# rbc direct investing drips



## irish83 (Jul 20, 2009)

Hi

I am a bit confused about how drips work. Can any dividend paying stock be drip or if not how do you find out which ones can be? Has any one using RBC set up a Drip program? Thanks for the help!


----------



## billiam (Aug 24, 2009)

You should call RBC and ask if they have a list of companies that they will DRIP for you and their set up procedures (forms required to be completed). 

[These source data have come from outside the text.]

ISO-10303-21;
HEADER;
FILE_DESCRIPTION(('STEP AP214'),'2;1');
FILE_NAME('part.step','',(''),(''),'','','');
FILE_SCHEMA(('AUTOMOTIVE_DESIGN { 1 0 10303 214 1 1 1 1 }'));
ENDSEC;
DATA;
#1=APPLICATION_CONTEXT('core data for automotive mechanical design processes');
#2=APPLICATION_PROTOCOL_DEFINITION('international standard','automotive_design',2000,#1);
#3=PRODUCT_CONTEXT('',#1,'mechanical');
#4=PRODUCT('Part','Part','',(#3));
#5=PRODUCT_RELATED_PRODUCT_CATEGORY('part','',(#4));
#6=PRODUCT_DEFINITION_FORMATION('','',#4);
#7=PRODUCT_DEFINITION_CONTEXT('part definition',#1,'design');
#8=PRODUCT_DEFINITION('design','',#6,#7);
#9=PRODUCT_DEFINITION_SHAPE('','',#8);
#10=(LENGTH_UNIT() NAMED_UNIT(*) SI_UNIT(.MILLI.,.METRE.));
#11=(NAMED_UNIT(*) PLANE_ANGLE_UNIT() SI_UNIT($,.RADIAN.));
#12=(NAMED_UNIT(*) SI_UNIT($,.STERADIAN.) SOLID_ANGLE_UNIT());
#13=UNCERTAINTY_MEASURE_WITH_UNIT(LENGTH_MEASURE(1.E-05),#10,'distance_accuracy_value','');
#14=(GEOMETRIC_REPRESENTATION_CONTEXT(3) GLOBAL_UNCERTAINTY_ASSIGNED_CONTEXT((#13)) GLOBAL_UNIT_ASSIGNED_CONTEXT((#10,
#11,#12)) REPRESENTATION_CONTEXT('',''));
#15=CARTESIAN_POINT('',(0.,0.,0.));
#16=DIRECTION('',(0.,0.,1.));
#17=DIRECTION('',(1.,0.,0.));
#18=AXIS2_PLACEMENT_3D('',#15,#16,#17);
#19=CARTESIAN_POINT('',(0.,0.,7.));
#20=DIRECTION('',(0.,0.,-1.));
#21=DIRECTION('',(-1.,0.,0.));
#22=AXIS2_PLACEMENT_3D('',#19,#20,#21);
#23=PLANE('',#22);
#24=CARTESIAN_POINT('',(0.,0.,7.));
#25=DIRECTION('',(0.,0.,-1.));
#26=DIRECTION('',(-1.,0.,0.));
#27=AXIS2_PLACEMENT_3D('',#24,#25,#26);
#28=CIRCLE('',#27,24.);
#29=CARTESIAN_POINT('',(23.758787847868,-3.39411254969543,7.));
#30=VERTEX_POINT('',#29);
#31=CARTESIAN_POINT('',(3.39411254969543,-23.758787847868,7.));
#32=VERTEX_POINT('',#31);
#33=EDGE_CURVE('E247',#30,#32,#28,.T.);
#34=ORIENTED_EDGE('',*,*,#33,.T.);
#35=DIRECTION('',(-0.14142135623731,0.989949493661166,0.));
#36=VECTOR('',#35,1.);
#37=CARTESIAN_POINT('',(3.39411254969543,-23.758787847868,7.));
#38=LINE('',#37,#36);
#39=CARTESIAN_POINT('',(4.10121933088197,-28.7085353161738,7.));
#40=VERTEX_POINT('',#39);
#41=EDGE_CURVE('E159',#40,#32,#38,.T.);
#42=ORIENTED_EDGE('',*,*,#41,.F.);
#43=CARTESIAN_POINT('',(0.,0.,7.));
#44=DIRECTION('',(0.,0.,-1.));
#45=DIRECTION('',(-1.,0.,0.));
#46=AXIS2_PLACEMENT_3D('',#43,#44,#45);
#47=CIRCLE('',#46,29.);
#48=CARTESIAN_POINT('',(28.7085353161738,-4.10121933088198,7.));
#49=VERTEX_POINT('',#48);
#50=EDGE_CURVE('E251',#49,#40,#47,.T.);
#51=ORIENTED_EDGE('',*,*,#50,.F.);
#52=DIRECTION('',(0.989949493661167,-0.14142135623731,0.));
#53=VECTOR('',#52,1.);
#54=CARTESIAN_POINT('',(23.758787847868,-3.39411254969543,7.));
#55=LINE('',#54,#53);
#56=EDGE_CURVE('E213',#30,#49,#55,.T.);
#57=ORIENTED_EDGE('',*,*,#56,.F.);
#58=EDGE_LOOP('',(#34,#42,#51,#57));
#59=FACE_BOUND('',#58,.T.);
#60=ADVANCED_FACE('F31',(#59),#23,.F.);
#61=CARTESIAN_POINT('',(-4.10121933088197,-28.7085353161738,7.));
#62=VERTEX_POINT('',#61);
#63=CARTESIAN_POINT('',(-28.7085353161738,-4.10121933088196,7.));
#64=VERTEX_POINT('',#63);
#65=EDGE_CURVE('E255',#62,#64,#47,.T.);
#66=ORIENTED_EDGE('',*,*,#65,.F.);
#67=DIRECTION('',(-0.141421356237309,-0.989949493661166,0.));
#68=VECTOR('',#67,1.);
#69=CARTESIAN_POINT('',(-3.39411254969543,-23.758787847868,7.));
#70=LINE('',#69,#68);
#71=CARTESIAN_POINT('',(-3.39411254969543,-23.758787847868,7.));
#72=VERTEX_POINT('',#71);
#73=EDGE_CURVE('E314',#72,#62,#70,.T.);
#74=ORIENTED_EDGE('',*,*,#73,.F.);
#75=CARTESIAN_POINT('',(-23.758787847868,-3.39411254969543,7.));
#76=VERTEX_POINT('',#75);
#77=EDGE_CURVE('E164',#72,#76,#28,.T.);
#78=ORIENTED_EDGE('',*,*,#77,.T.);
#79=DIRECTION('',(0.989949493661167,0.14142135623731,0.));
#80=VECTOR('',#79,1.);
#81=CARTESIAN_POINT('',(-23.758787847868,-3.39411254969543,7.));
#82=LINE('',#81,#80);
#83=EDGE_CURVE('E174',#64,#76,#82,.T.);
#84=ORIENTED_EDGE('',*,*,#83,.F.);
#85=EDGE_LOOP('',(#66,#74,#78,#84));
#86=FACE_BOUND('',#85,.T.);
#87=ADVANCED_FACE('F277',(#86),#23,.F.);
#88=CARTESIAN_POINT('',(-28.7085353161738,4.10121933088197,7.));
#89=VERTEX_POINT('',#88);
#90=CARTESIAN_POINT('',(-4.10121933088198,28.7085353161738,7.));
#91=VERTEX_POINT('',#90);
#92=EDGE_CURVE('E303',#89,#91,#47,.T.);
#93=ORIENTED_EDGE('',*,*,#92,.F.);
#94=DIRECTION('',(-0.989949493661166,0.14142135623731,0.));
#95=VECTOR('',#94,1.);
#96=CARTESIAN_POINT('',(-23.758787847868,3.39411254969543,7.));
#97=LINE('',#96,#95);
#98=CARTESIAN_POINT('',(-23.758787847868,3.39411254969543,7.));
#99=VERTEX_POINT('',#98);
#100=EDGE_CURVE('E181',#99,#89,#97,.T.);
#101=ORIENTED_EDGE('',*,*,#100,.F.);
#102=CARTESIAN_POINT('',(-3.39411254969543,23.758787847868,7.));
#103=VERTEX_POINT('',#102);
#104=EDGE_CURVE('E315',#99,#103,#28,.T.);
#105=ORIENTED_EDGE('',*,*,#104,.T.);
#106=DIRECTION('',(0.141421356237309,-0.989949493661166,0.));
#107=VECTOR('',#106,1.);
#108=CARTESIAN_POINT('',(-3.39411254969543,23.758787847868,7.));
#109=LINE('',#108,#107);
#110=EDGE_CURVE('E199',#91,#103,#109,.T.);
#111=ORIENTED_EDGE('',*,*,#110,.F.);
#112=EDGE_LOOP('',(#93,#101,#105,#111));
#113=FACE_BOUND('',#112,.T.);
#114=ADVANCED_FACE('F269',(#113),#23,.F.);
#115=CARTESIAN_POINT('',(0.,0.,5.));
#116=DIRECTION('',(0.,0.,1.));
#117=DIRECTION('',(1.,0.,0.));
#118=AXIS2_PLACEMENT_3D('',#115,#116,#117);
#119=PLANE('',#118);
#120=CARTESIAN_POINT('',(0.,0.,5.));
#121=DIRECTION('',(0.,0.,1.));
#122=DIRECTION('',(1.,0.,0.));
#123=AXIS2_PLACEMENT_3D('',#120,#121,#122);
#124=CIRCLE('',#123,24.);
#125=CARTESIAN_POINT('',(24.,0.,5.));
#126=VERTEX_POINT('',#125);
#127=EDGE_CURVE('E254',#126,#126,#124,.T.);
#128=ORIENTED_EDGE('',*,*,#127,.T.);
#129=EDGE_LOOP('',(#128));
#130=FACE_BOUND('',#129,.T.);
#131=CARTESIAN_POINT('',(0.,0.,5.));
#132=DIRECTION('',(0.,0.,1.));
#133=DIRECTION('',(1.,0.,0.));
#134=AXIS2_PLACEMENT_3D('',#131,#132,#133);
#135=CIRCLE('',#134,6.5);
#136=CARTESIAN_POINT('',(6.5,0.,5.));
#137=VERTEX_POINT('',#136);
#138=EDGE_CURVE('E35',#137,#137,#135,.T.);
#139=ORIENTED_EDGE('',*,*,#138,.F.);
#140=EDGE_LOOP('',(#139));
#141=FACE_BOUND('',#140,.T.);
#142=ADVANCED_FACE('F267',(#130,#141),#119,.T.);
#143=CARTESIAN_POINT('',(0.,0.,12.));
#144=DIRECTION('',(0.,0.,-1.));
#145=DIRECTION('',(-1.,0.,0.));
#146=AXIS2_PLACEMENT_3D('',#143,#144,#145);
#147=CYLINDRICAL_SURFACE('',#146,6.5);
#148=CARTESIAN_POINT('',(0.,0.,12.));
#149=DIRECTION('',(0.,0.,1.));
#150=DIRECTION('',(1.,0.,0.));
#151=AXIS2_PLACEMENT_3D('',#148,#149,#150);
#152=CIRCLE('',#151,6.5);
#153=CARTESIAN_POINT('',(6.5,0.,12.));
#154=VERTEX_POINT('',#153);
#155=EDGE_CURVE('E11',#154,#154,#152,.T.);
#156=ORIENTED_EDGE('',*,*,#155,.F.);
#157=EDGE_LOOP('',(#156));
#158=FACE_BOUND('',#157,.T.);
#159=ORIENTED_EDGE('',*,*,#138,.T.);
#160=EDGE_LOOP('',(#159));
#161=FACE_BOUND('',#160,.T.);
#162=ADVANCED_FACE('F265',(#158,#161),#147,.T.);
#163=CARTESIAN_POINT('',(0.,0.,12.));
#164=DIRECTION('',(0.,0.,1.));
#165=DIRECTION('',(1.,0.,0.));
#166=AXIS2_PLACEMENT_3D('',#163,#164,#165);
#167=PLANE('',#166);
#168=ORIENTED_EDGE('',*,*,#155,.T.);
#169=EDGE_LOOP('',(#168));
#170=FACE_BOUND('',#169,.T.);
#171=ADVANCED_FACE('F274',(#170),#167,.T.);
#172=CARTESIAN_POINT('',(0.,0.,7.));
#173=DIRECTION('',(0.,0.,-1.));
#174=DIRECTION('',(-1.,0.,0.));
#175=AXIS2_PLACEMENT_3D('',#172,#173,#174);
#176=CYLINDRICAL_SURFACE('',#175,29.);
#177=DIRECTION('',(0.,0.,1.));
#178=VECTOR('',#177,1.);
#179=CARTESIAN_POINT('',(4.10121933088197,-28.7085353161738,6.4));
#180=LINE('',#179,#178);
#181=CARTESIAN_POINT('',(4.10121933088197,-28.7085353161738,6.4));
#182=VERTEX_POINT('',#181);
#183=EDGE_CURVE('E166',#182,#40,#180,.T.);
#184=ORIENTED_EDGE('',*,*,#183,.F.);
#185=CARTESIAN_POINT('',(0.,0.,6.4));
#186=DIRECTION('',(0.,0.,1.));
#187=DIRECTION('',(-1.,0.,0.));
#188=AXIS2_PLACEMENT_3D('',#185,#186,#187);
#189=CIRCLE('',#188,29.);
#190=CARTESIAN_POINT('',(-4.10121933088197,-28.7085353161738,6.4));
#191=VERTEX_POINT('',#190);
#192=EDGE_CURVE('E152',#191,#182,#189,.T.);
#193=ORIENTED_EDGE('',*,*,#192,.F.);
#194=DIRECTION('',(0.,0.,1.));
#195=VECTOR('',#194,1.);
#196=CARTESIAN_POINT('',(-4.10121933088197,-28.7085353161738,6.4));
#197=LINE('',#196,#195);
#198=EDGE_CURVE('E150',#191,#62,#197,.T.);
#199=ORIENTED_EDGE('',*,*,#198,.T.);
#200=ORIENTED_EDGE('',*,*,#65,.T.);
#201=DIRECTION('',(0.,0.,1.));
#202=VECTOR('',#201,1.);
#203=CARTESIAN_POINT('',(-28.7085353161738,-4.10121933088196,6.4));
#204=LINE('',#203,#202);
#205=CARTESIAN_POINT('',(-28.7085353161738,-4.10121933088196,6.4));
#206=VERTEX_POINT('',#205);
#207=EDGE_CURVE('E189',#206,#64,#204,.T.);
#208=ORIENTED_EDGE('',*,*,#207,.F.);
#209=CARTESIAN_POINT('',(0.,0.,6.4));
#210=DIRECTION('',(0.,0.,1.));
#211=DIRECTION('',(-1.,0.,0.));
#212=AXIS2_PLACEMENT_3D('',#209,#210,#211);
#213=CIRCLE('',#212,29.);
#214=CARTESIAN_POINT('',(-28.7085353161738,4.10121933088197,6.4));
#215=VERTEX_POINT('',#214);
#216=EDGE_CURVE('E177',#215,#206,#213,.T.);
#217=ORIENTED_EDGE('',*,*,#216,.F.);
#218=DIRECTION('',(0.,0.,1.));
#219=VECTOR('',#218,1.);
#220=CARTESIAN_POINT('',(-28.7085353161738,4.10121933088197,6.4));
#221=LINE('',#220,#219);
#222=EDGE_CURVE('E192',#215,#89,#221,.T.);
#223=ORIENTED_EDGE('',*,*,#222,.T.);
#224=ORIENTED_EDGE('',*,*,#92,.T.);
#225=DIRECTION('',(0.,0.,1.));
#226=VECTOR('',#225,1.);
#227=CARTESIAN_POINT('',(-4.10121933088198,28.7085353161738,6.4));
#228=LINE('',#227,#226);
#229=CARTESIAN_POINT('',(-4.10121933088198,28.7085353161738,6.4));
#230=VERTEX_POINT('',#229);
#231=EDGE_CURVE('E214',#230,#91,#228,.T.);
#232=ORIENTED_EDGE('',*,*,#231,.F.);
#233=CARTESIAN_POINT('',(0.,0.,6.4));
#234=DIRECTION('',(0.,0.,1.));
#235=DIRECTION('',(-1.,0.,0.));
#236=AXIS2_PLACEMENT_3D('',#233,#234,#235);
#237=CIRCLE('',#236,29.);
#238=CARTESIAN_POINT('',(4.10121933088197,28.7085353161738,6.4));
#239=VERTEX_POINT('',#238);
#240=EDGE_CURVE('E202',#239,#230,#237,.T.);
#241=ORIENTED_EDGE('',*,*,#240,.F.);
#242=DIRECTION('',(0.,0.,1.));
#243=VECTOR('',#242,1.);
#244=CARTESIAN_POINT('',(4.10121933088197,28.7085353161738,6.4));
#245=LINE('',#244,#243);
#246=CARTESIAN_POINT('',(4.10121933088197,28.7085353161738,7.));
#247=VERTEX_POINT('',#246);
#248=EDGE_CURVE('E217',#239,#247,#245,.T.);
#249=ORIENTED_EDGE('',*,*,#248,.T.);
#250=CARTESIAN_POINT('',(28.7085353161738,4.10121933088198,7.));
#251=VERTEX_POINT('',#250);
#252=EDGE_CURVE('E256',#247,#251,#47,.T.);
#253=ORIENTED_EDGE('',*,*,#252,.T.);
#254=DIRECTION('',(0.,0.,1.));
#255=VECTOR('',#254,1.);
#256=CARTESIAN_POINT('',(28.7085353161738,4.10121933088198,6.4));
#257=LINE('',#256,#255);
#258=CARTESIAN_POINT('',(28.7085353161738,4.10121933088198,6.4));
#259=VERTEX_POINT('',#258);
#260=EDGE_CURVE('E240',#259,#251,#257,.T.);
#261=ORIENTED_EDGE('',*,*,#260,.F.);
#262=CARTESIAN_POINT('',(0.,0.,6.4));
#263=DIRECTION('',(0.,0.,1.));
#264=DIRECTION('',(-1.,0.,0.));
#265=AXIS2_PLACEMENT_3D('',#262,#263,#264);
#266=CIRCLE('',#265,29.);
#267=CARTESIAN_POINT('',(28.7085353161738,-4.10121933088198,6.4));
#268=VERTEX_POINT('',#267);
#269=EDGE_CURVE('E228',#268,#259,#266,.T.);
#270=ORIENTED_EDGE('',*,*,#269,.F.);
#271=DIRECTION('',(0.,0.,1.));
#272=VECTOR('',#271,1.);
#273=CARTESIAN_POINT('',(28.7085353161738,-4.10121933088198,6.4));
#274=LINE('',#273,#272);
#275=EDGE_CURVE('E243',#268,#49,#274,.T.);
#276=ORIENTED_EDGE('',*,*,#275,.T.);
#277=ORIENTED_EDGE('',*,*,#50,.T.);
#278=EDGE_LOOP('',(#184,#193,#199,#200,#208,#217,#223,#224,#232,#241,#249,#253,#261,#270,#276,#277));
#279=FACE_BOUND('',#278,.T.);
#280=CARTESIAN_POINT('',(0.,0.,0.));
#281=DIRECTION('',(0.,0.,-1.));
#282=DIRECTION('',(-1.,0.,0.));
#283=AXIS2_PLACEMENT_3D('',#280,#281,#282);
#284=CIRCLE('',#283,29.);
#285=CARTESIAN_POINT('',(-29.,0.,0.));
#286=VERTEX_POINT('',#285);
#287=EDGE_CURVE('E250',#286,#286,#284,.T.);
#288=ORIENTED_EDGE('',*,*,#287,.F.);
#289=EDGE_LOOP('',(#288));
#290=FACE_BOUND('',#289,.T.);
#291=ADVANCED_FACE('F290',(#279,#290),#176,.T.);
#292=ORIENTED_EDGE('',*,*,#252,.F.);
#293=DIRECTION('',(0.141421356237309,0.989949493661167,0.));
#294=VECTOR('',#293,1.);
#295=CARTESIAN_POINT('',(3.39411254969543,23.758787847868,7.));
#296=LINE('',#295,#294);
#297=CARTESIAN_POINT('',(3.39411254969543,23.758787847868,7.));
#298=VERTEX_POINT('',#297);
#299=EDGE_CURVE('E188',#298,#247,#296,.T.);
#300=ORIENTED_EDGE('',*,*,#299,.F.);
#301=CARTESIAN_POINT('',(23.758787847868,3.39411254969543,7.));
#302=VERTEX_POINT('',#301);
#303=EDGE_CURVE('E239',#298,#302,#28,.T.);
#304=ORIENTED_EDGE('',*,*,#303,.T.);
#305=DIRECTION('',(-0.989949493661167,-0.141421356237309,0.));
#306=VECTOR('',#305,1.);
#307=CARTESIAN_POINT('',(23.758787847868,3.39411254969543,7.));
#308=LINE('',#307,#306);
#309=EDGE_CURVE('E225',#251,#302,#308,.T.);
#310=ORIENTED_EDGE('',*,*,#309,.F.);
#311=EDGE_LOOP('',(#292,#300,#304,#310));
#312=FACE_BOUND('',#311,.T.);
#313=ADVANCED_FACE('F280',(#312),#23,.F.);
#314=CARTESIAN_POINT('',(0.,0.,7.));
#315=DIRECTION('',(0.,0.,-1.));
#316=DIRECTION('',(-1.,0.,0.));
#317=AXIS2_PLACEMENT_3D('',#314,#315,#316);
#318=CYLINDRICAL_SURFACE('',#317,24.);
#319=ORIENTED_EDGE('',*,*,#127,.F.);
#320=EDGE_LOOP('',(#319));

Remember that these type of DRIP's which are referred to as "synthetic" only allow whole shares to be acquired under the DRIP, no fractional shares. Therefore you will need to generate enough dividends from the particular stock you hold to acquire at least one share else you will just be paid cash. You also cannot make OCP's to acquire more shares without incurring commission fees.


----------



## Sampson (Apr 3, 2009)

irish83 said:


> Can any dividend paying stock be drip or if not how do you find out which ones can be?


RBC does have a list of companies for which they offer synthetic drips - they do not publish the list, and the only way to find out is by calling and asking about a specific holding.



irish83 said:


> Has any one using RBC set up a Drip program? Thanks for the help!


I've got the synthetic drips on in my accounts, the one issue is that its an all-or-none endeavor, you can not choose individual holdings within the account to drip.

Note, this is synthetic drip only.

If you want to setup REAL drips, you'll need to get RBC to issue stock certificates ($50 ea.), then you can use that to register with the management Co. (e.g. Compushare or whomever for company X) - and do it after. This method WILL allow you to repurchase shares directly with no commissions, and in some instances hold fractional shares, and fully benefit from any drip discount the issuing co. may offer.

Note about RBC synthetic drips, they do pass on discount in some cases, but for this, you also have to call in and ask.

Good luck!


----------